Your answer is to be every line of the material that includes the string "Railing".

· · · · ·

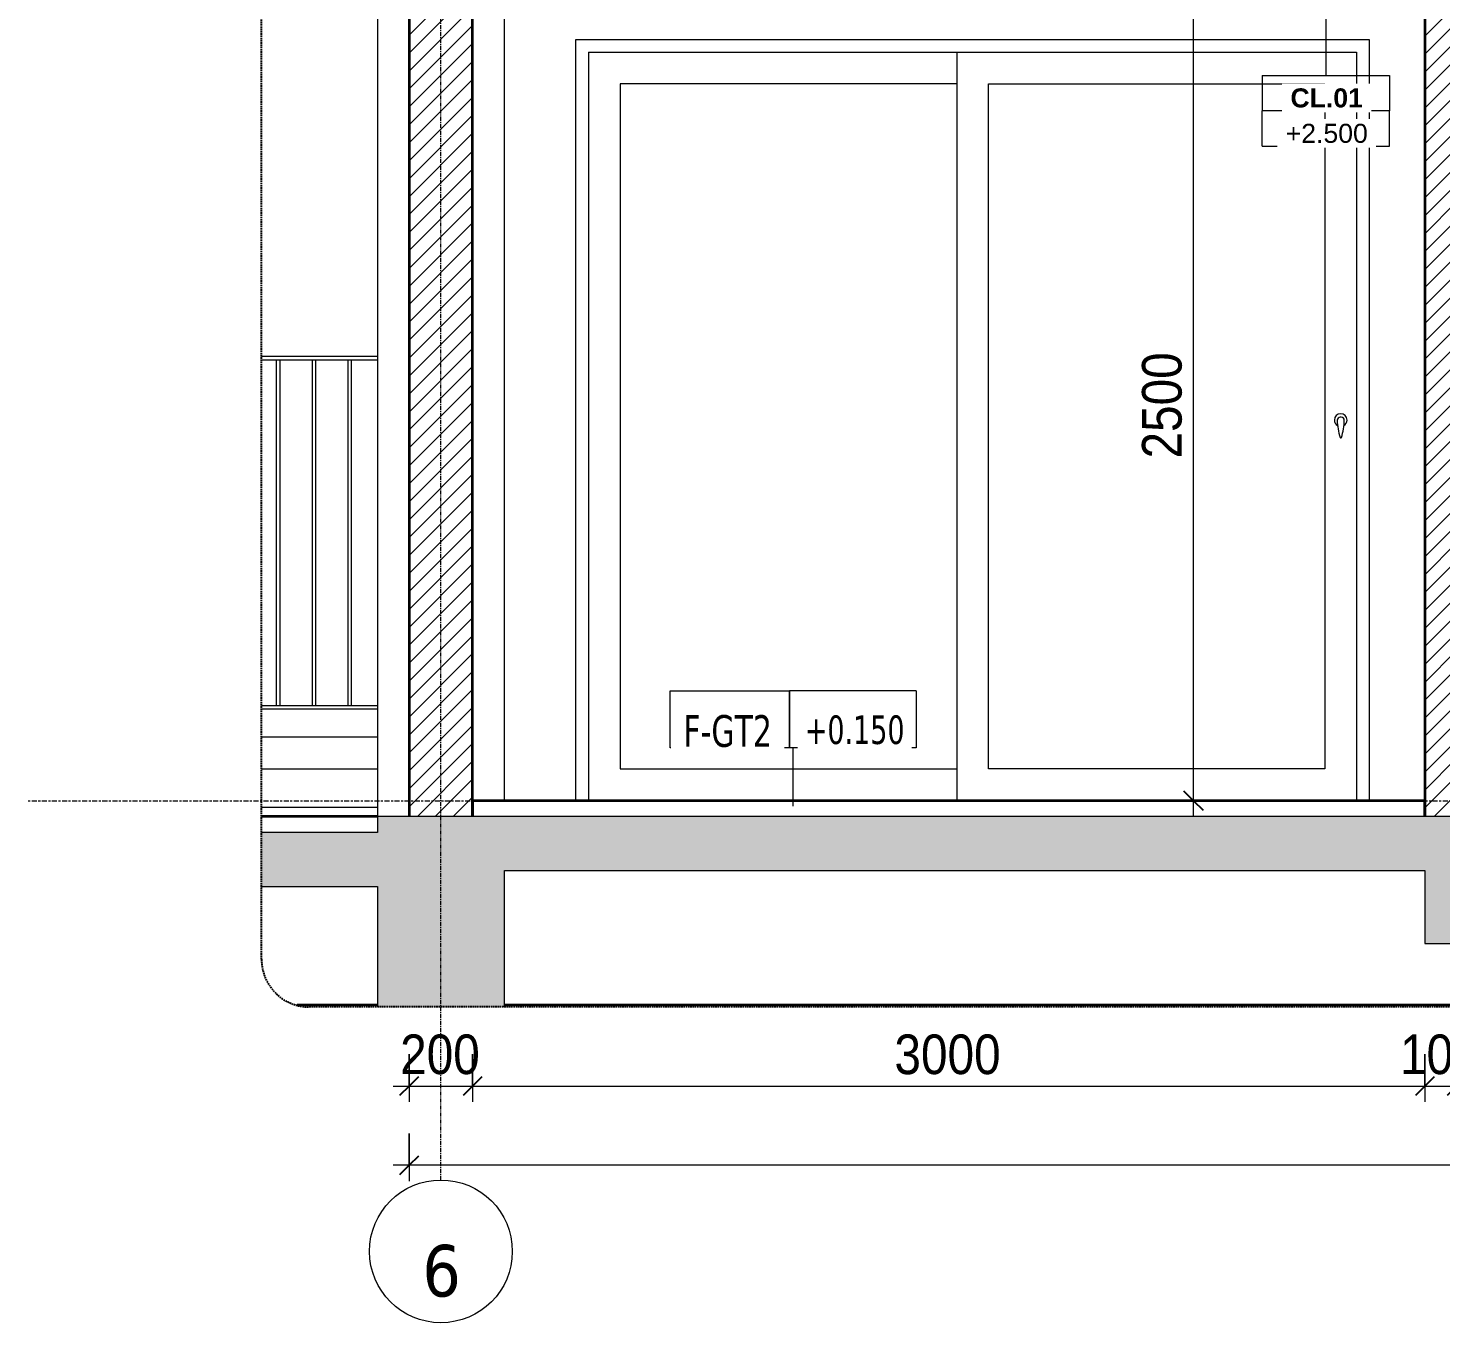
# Model space of a CAD drawing. Header units: millimetres. Extents: x 50254 to 245170, y 481 to 78637.
# Drawn here: x 130554 to 135004, y 554 to 4635 of the extents above; entities that cross this region are included whole.
import ezdxf

# ---------------------------------------------------------------- set-up
doc = ezdxf.new("R2010")
doc.units = ezdxf.units.MM
for name, pattern in [('Centre', [31.75, 6.35, -4.7625, 15.875, -4.7625]), ('Grid Line', [22.225, 12.7, -3.175, 3.175, -3.175]), ('Hidden', [7.14375, 4.7625, -2.38125])]:
    doc.linetypes.add(name, pattern=pattern)
for name, color, linetype, lineweight in [('0-4', 90, 'Continuous', 5), ('A-ANNO-DIMS', 211, 'Continuous', 9), ('A-ANNO-DIMS-50', 211, 'Continuous', 9), ('A-CLNG-1', 250, 'Continuous', 35), ('A-CLNG-IDEN', 151, 'Continuous', 9), ('A-CLNG-PATT-1', 13, 'Continuous', 18), ('A-DETL-GENF', 92, 'Continuous', 18), ('A-DETL-GENF-4', 92, 'Hidden', 25), ('A-DETL-GENF-5', 9, 'Continuous', 18), ('A-DETL-THIN', 151, 'Continuous', 18), ('A-DOOR', 31, 'Continuous', 18), ('A-DOOR-FRAM-1', 31, 'Continuous', 18), ('A-DOOR-GLAZ', 31, 'Continuous', 18), ('A-FLOR-FNSH-1', 250, 'Continuous', 35), ('A-FLOR-HRAL', 11, 'Continuous', 18), ('A-FLOR-HRAL-2', 7, 'Continuous', 18), ('A-FLOR-IDEN', 11, 'Continuous', 9), ('A-FLOR-LEVL-2', 51, 'Centre', 9), ('A-WALL', 113, 'Continuous', 18), ('A-WALL-4', 250, 'Continuous', 35), ('A-WALL-5', 7, 'Continuous', 18), ('A-WALL-PATT-1', 9, 'Continuous', 18), ('A-WALL-PATT-2', 111, 'Continuous', 18), ('S-BEAM-1', 7, 'Continuous', 18), ('S-COLS-8', 7, 'Continuous', 18), ('S-GRID-1', 1, 'Grid Line', 9), ('S-GRID-IDEN', 1, 'Continuous', 9)]:
    doc.layers.add(name, color=color, linetype=linetype, lineweight=lineweight)
doc.styles.add('Arial_1', font='arial.ttf', dxfattribs={"height": 60})
doc.styles.add('Arial_B_3', font='arialbd.ttf', dxfattribs={"height": 60})
doc.styles.add('Tahoma', font='tahoma.ttf', dxfattribs={"width": 0.8, "height": 100})
doc.styles.add('Tahoma_1', font='tahoma.ttf', dxfattribs={"width": 0.8, "height": 90})
doc.styles.add('Tahoma_B', font='tahomabd.ttf', dxfattribs={"height": 162.5})
doc.styles.add('UTM Avo', font='', dxfattribs={"width": 0.9, "height": 125})
doc.styles.get('UTM Avo').set_extended_font_data('UTM Avo')
doc.dimstyles.new('1_Dim_chi_tiet_2_5', dxfattribs={"dimscale": 304.8, "dimtxt": 124.912619, "dimasz": 0.19685, "dimexe": 0.164042, "dimexo": 0.0625, "dimgap": 0.016404, "dimtad": 1, "dimdec": 0, "dimrnd": 5, "dimzin": 0, "dimdsep": 46, "dimtxsty": 'UTM Avo', "dimblk1": 'OBLIQUE', "dimblk2": 'OBLIQUE', "dimsah": 1, "dimcen": 0.09, "dimdle": 0.164042, "dimazin": 0, "dimtfac": 1, "dimtdec": 4, "dimtix": 1, "dimtmove": 0, "dimatfit": 3, "dimfxl": 0.328084, "dimfxlon": 1, "dimtvp": 1, "dimtolj": 1, "dimtzin": 0, "dimarcsym": 2})

# ---------------------------------------------------------------- blocks, each defined once
blk = doc.blocks.new('NCV_TKTC_KET CAU_rvt-7-TKCS_CĂN HỘ LOẠI 1 - MẶT CẮT 6')
at = {"layer": 'S-BEAM-1'}
blk.add_line((-61517.6, 2300), (-61152.6, 2300), dxfattribs=at)
at = {"layer": 'S-COLS-8'}
for p, q in [((-61152.6, 4950), (-61152.6, 2150)), ((-60752.6, 2200), (-60752.6, 4950))]:
    blk.add_line(p, q, dxfattribs=at)
blk = doc.blocks.new('Railing - 10mm-457212-TKCS_CĂN HỘ LOẠI 1 - MẶT CẮT 6')
at = {"layer": 'A-FLOR-HRAL-2'}
for p, q in [((-61470.064287, 2500), (-61470.064287, 3590)), ((-61460.064287, 3590), (-61460.064287, 2500))]:
    blk.add_line(p, q, dxfattribs=at)
blk = doc.blocks.new('Railing - Railing-641389-TKCS_CĂN HỘ LOẠI 1 - MẶT CẮT 6')
at = {"layer": 'A-FLOR-HRAL-2'}
for p, q in [((-61517.564287, 2500), (-61152.564287, 2500)), ((-61517.564287, 2490), (-61152.564287, 2490))]:
    blk.add_line(p, q, dxfattribs=at)
for p in [(0, 0), (112.5, 0), (225, 0)]:
    blk.add_blockref('Railing - 10mm-457212-TKCS_CĂN HỘ LOẠI 1 - MẶT CẮT 6', p)
blk = doc.blocks.new('Top Rail Type - Top Rail_Internal_-641390-TKCS_CĂN HỘ LOẠI 1 - MẶT CẮT 6')
at = {"layer": 'A-FLOR-HRAL-2'}
for p, q in [((-61152.564287, 3600), (-61517.564287, 3600)), ((-61517.564287, 3590), (-61152.564287, 3590))]:
    blk.add_line(p, q, dxfattribs=at)
blk = doc.blocks.new('NCV_TKTC_TANG 1_rvt-5-TKCS_CĂN HỘ LOẠI 1 - MẶT CẮT 6')
at = {"layer": 'A-WALL-PATT-1'}
h = blk.add_hatch(dxfattribs=at)
h.set_pattern_fill('FP_18', color=256, style=0, pattern_type=2)
h.set_pattern_definition([(45, (-55438.462, 15375), (-28.28427, 28.28427), [])])
h.paths.add_polyline_path([(-57852.6, 2150), (-57752.6, 2150), (-57752.6, 5150), (-57852.4, 5150), (-57852.6, 2350)])
at = {"layer": 'A-FLOR-FNSH-1'}
for p, q in [((-57852.6, 2200), (-60852.6, 2200)), ((-60852.6, 2200), (-60852.6, 2150)), ((-57852.6, 2150), (-57852.6, 2200)), ((-61152.6, 2150), (-61517.6, 2150))]:
    blk.add_line(p, q, dxfattribs=at)
at = {"layer": 'A-WALL-4'}
blk.add_line((-57852.6, 5380), (-57852.6, 2150), dxfattribs=at)
at = {"layer": 'A-WALL-5'}
for p, q in [((-61152.6, 2400), (-61517.6, 2400)), ((-61517.6, 2180), (-61152.6, 2180))]:
    blk.add_line(p, q, dxfattribs=at)
at = {"layer": 'A-FLOR-HRAL'}
for name in ['Top Rail Type - Top Rail_Internal_-641390-TKCS_CĂN HỘ LOẠI 1 - MẶT CẮT 6', 'Railing - Railing-641389-TKCS_CĂN HỘ LOẠI 1 - MẶT CẮT 6']:
    blk.add_blockref(name, (0, 0), dxfattribs=at)
blk = doc.blocks.new('DEG_02-DEG_03 - DEG_02-2500x2400mm-CỬA ĐI 02 CÁNH TRƯỢT-V121-TKCS_CĂN HỘ LOẠI 1 - MẶT CẮT 6')
at = {"layer": 'A-DOOR'}
for p, q in [((-59327.6, 4560), (-59327.6, 2200)), ((-59227.6, 4460), (-58167.6, 4460)), ((-59227.6, 2300), (-59227.6, 4460)), ((-58167.6, 4460), (-58167.6, 2300)), ((-58167.6, 2300), (-59227.6, 2300))]:
    blk.add_line(p, q, dxfattribs=at)
at = {"layer": 'A-DOOR', "flags": 128}
blk.add_lwpolyline([(-58116.1, 3408.7), (-58116.8, 3408.7), (-58118.2, 3408.7), (-58119, 3408.7), (-58119.1, 3408.7)], dxfattribs=at)
at = {"layer": 'A-DOOR'}
for centre, radius, start, end in [((-58117.6, 3400), 20, 0, 180), ((-58117.6, 3400), 20, 180, 240), ((-58119.1, 3399.2), 9.45, 90, 180), ((-57963.8, 3399.2), 164.8, 180, 199.134), ((-58116.1, 3399.2), 9.45, 0, 90), ((-58271.4, 3399.2), 164.8, 340.866, 0), ((-58117.6, 3400), 20, 300, 0), ((-58117.2, 3346), 2.34, 199.134, 261.031), ((-58117.9, 3346), 2.34, 278.969, 340.866)]:
    blk.add_arc(centre, radius, start, end, dxfattribs=at)
at = {"layer": 'A-DOOR-FRAM-1'}
for p, q in [((-60487.6, 4560), (-60487.6, 2200)), ((-60487.6, 4560), (-58067.6, 4560)), ((-58067.6, 4560), (-58067.6, 2200))]:
    blk.add_line(p, q, dxfattribs=at)
at = {"layer": 'A-DOOR-GLAZ'}
for p, q in [((-60387.6, 4460), (-60387.6, 2300)), ((-59327.6, 4460), (-60387.6, 4460)), ((-60387.6, 2300), (-59327.6, 2300))]:
    blk.add_line(p, q, dxfattribs=at)
blk = doc.blocks.new('BORDER VIEW - BORDER VIEW-3679613-TKCS_CĂN HỘ LOẠI 1 - MẶT CẮT 6')
at = {"layer": 'A-DETL-GENF-4'}
for p, q in [((-61517.6, 1700), (-61517.6, 5901.3)), ((-52261.2, 1550), (-61367.6, 1550))]:
    blk.add_line(p, q, dxfattribs=at)
blk.add_arc((-61367.6, 1700), 150, 180, 270, dxfattribs=at)
blk = doc.blocks.new('Grid - M_Grid Head - Circle-353313-TKCS_CĂN HỘ LOẠI 1 - MẶT CẮT 6')
at = {"layer": 'S-GRID-IDEN'}
blk.add_circle((-52752.6, 779.4), 225, dxfattribs=at)
blk = doc.blocks.new('DIMBLOCK85-TKCS_CĂN HỘ LOẠI 1 - MẶT CẮT 6')
at = {"layer": 'A-ANNO-DIMS-50'}
for p, q in [((131753.8, 1400.7), (131753.8, 1250.7)), ((131753.8, 1300.7), (131753.8, 1400.7)), ((131953.8, 1400.7), (131953.8, 1250.7)), ((131953.8, 1300.7), (131953.8, 1400.7)), ((131703.8, 1300.7), (131953.8, 1300.7))]:
    blk.add_line(p, q, dxfattribs=at)
at = {"layer": 'A-ANNO-DIMS-50', "lineweight": 25}
for p, q in [((131753.8, 1300.7), (131723.8, 1270.7)), ((131753.8, 1300.7), (131783.8, 1330.7)), ((131953.8, 1300.7), (131923.8, 1270.7)), ((131953.8, 1300.7), (131983.8, 1330.7))]:
    blk.add_line(p, q, dxfattribs=at)
at = {"layer": 'A-ANNO-DIMS-50', "color": 0, "insert": (131725.4, 1463.1), "char_height": 125, "width": 308.118, "attachment_point": 1, "line_spacing_factor": 1.110334, "style": 'UTM Avo'}
blk.add_mtext('200', dxfattribs=at)
blk = doc.blocks.new('_Oblique')
at = {"color": 0, "linetype": 'ByBlock', "lineweight": -2}
blk.add_line((-0.5, -0.5), (0.5, 0.5), dxfattribs=at)
blk = doc.blocks.new('DIMBLOCK86-TKCS_CĂN HỘ LOẠI 1 - MẶT CẮT 6')
at = {"layer": 'A-ANNO-DIMS-50'}
for p, q in [((131953.8, 1400.7), (131953.8, 1250.7)), ((131953.8, 1300.7), (131953.8, 1400.7)), ((134953.8, 1400.7), (134953.8, 1250.7)), ((134953.8, 1300.7), (134953.8, 1400.7)), ((131953.8, 1300.7), (134953.8, 1300.7))]:
    blk.add_line(p, q, dxfattribs=at)
at = {"layer": 'A-ANNO-DIMS-50', "lineweight": 25}
for p, q in [((131953.8, 1300.7), (131923.8, 1270.7)), ((131953.8, 1300.7), (131983.8, 1330.7)), ((134953.8, 1300.7), (134923.8, 1270.7)), ((134953.8, 1300.7), (134983.8, 1330.7))]:
    blk.add_line(p, q, dxfattribs=at)
at = {"layer": 'A-ANNO-DIMS-50', "color": 0, "insert": (133282.6, 1463.1), "char_height": 125, "width": 410.824, "attachment_point": 1, "line_spacing_factor": 1.110334, "style": 'UTM Avo'}
blk.add_mtext('3000', dxfattribs=at)
blk = doc.blocks.new('DIMBLOCK87-TKCS_CĂN HỘ LOẠI 1 - MẶT CẮT 6')
at = {"layer": 'A-ANNO-DIMS-50'}
for p, q in [((134953.8, 1400.7), (134953.8, 1250.7)), ((134953.8, 1300.7), (134953.8, 1400.7)), ((135053.8, 1400.7), (135053.8, 1250.7)), ((135053.8, 1300.7), (135053.8, 1400.7)), ((134953.8, 1300.7), (135053.8, 1300.7))]:
    blk.add_line(p, q, dxfattribs=at)
at = {"layer": 'A-ANNO-DIMS-50', "lineweight": 25}
for p, q in [((134953.8, 1300.7), (134923.8, 1270.7)), ((134953.8, 1300.7), (134983.8, 1330.7)), ((135053.8, 1300.7), (135023.8, 1270.7)), ((135053.8, 1300.7), (135083.8, 1330.7))]:
    blk.add_line(p, q, dxfattribs=at)
at = {"layer": 'A-ANNO-DIMS-50', "color": 0, "insert": (134875.4, 1463.1), "char_height": 125, "width": 308.118, "attachment_point": 1, "line_spacing_factor": 1.110334, "style": 'UTM Avo'}
blk.add_mtext('100', dxfattribs=at)
blk = doc.blocks.new('DIMBLOCK92-TKCS_CĂN HỘ LOẠI 1 - MẶT CẮT 6')
at = {"layer": 'A-ANNO-DIMS-50'}
for p, q in [((131753.8, 1150.7), (131753.8, 1000.7)), ((131753.8, 1050.7), (131753.8, 1150.7)), ((140153.8, 1150.7), (140153.8, 1000.7)), ((140153.8, 1050.7), (140153.8, 1150.7)), ((140203.8, 1050.7), (131703.8, 1050.7))]:
    blk.add_line(p, q, dxfattribs=at)
at = {"layer": 'A-ANNO-DIMS-50', "lineweight": 25}
for p, q in [((131753.8, 1050.7), (131783.8, 1080.7)), ((140153.8, 1050.7), (140183.8, 1080.7)), ((131753.8, 1050.7), (131723.8, 1020.7)), ((140153.8, 1050.7), (140123.8, 1020.7))]:
    blk.add_line(p, q, dxfattribs=at)
at = {"layer": 'A-ANNO-DIMS-50', "color": 0, "insert": (135782.6, 1213.1), "char_height": 125, "width": 410.824, "attachment_point": 1, "line_spacing_factor": 1.110334, "style": 'UTM Avo'}
blk.add_mtext('8400', dxfattribs=at)
blk = doc.blocks.new('DIMBLOCK94-TKCS_CĂN HỘ LOẠI 1 - MẶT CẮT 6')
at = {"layer": 'A-ANNO-DIMS-50', "lineweight": 25}
for p, q in [((134224.9, 4700), (134194.9, 4730)), ((134224.9, 4700), (134254.9, 4670)), ((134224.9, 2200), (134194.9, 2230)), ((134224.9, 2200), (134254.9, 2170))]:
    blk.add_line(p, q, dxfattribs=at)
at = {"layer": 'A-ANNO-DIMS-50'}
for p, q in [((134124.9, 4700), (134274.9, 4700)), ((134224.9, 4700), (134124.9, 4700)), ((134224.9, 2150), (134224.9, 4700)), ((134124.9, 2200), (134274.9, 2200)), ((134224.9, 2200), (134124.9, 2200))]:
    blk.add_line(p, q, dxfattribs=at)
at = {"layer": 'A-ANNO-DIMS-50', "color": 0, "insert": (134062.5, 3278.8), "char_height": 125, "width": 410.824, "attachment_point": 1, "rotation": 90, "line_spacing_factor": 1.110334, "style": 'UTM Avo'}
blk.add_mtext('2500', dxfattribs=at)
blk = doc.blocks.new('M_Ceiling Tag w Height - M_Ceiling Tag w Height-4076435-TKCS_CĂN HỘ LOẠI 1 - MẶT CẮT 6')
at = {"layer": 'A-CLNG-IDEN'}
for p, q in [((-58365.3, 4486.2), (-58365.3, 4375)), ((-58365.3, 4486.2), (-57964.1, 4486.2)), ((-57964.1, 4486.2), (-57964.1, 4375)), ((-58365.3, 4263.7), (-58365.3, 4375)), ((-57964.1, 4375), (-58365.3, 4375)), ((-57964.1, 4263.7), (-57964.1, 4375)), ((-58365.3, 4263.7), (-57964.1, 4263.7))]:
    blk.add_line(p, q, dxfattribs=at)
blk = doc.blocks.new('TAG SAN - TTG - TAG FFL-4075299-TKCS_CĂN HỘ LOẠI 1 - MẶT CẮT 6')
at = {"layer": 'A-FLOR-IDEN'}
for p, q in [((-55458, 2416.2), (-55458, 2594.9)), ((-55458, 2594.9), (-55082, 2594.9)), ((-55082, 2594.9), (-55082, 2416.2)), ((-54682, 2594.9), (-55082, 2594.9)), ((-55082, 2416.2), (-55082, 2594.9)), ((-54682, 2594.9), (-54682, 2416.2)), ((-55082, 2416.2), (-55458, 2416.2)), ((-54682, 2416.2), (-55082, 2416.2))]:
    blk.add_line(p, q, dxfattribs=at)

msp = doc.modelspace()

# ---------------------------------------------------------------- hatches: boundary and pattern name
at = {"layer": 'A-CLNG-PATT-1'}
h = msp.add_hatch(dxfattribs=at)
h.set_pattern_fill('FP_21', color=256, style=0, pattern_type=2)
h.set_pattern_definition([(0, (137367.9, 15375), (406.4, 101.6), [16.764, -288.036, 16.764, -288.036, -1625.6]), (0, (137367.9, 15375), (406.4, 101.6), [-609.6, 16.764, -592.836, 16.764, -288.036, -711.2]), (0, (137367.9, 15375), (406.4, 101.6), [-1524, 16.764, -186.436, 16.764, -491.236]), (120, (137520.3, 15425.8), (-291.1882, 301.1527), [16.764, -288.036, 16.764, -288.036, -1625.6]), (120, (137520.3, 15425.8), (-291.1882, 301.1527), [-609.6, 16.764, -592.836, 16.764, -288.036, -711.2]), (120, (137520.3, 15425.8), (-291.1882, 301.1527), [-1524, 16.764, -186.436, 16.764, -491.236]), (240, (137571.1, 15629), (-115.2118, -402.7527), [16.764, -288.036, 16.764, -288.036, -1625.6]), (240, (137571.1, 15629), (-115.2118, -402.7527), [-609.6, 16.764, -592.836, 16.764, -288.036, -711.2]), (240, (137571.1, 15629), (-115.2118, -402.7527), [-1524, 16.764, -186.436, 16.764, -491.236])])
h.paths.add_polyline_path([(131438.8, 1550), (131653.7, 1550), (131653.7, 1555), (131400.8, 1555), (131410.8, 1553.7)])
h.paths.add_polyline_path([(140545.1, 1550), (140583.1, 1555), (140253.8, 1555), (140253.8, 1550), (140296.8, 1550)])
h.paths.add_polyline_path([(133504.9, 1550), (139853.7, 1550), (139853.7, 1555), (132053.8, 1555), (132053.8, 1550), (132270, 1550)])
at = {"layer": 'A-DETL-GENF-5'}
h = msp.add_hatch(dxfattribs=at)
h.set_pattern_fill('FP_19', color=256, style=0, pattern_type=2)
h.set_pattern_definition([(50, (137367.9, 15375), (364.368, -31.878), [38.1, -419.1]), (355, (137367.9, 15375), (-70.486, 382.113), [30.48, -335.28]), (100.451, (137398.26, 15372.34), (293.885, 350.233), [32.38, -356.18]), (46.184, (137367.9, 15476.6), (542.158, -84.086), [57.15, -628.65]), (96.636, (137413.1, 15469.6), (474.805, 494.855), [48.57, -534.27]), (351.184, (137367.9, 15476.6), (474.81, 494.85), [45.72, -502.92]), (21, (137418.7, 15451.2), (303.2285, -204.5305), [38.1, -419.1]), (326, (137418.7, 15451.2), (123.604, 368.376), [30.48, -335.28]), (71.451, (137443.97, 15434.16), (426.834, 163.843), [32.38, -356.18]), (37.5, (137367.9, 15375), (6.1766, 169.1102), [3.353, -327.863, 3.353, -337.007, -336.55]), (37.5, (137367.9, 15375), (6.1766, 169.1102), [-671.576, 3.353, -333.197]), (7.5, (137367.9, 15375), (133.6389, 200.3615), [3.353, -190.703, 3.353, -320.243, -128.27]), (7.5, (137367.9, 15375), (133.6389, 200.3615), [-517.652, 3.353, -124.917]), (327.5, (137254.61, 15375), (271.1818, -11.4584), [3.353, -123.647, 3.353, -392.887, -525.78]), (327.5, (137254.61, 15375), (271.1818, -11.4584), [-523.24, 3.353, -522.427]), (317.5, (137203.81, 15375), (296.2585, 50.853), [3.353, -161.747, 3.353, -259.791, -373.38]), (317.5, (137203.81, 15375), (296.2585, 50.853), [-428.244, 3.353, -370.027]), (45, (137367.9, 15375), (-125.7236, 125.7236), []), (45, (137367.9, 15565.5), (-125.7236, 125.7236), [])])
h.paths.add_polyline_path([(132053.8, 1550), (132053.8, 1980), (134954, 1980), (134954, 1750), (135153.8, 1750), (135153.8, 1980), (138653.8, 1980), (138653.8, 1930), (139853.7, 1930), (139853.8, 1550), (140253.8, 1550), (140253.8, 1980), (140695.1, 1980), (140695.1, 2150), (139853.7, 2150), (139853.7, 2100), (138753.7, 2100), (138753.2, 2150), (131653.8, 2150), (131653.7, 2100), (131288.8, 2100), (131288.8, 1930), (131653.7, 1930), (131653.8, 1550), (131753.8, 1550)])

· · · · ·

### [Written answer]
blk = doc.blocks.new('Railing - 10mm-457212-TKCS_CĂN HỘ LOẠI 1 - MẶT CẮT 6')
blk = doc.blocks.new('Railing - Railing-641389-TKCS_CĂN HỘ LOẠI 1 - MẶT CẮT 6')
    blk.add_blockref('Railing - 10mm-457212-TKCS_CĂN HỘ LOẠI 1 - MẶT CẮT 6', p)
for name in ['Top Rail Type - Top Rail_Internal_-641390-TKCS_CĂN HỘ LOẠI 1 - MẶT CẮT 6', 'Railing - Railing-641389-TKCS_CĂN HỘ LOẠI 1 - MẶT CẮT 6']:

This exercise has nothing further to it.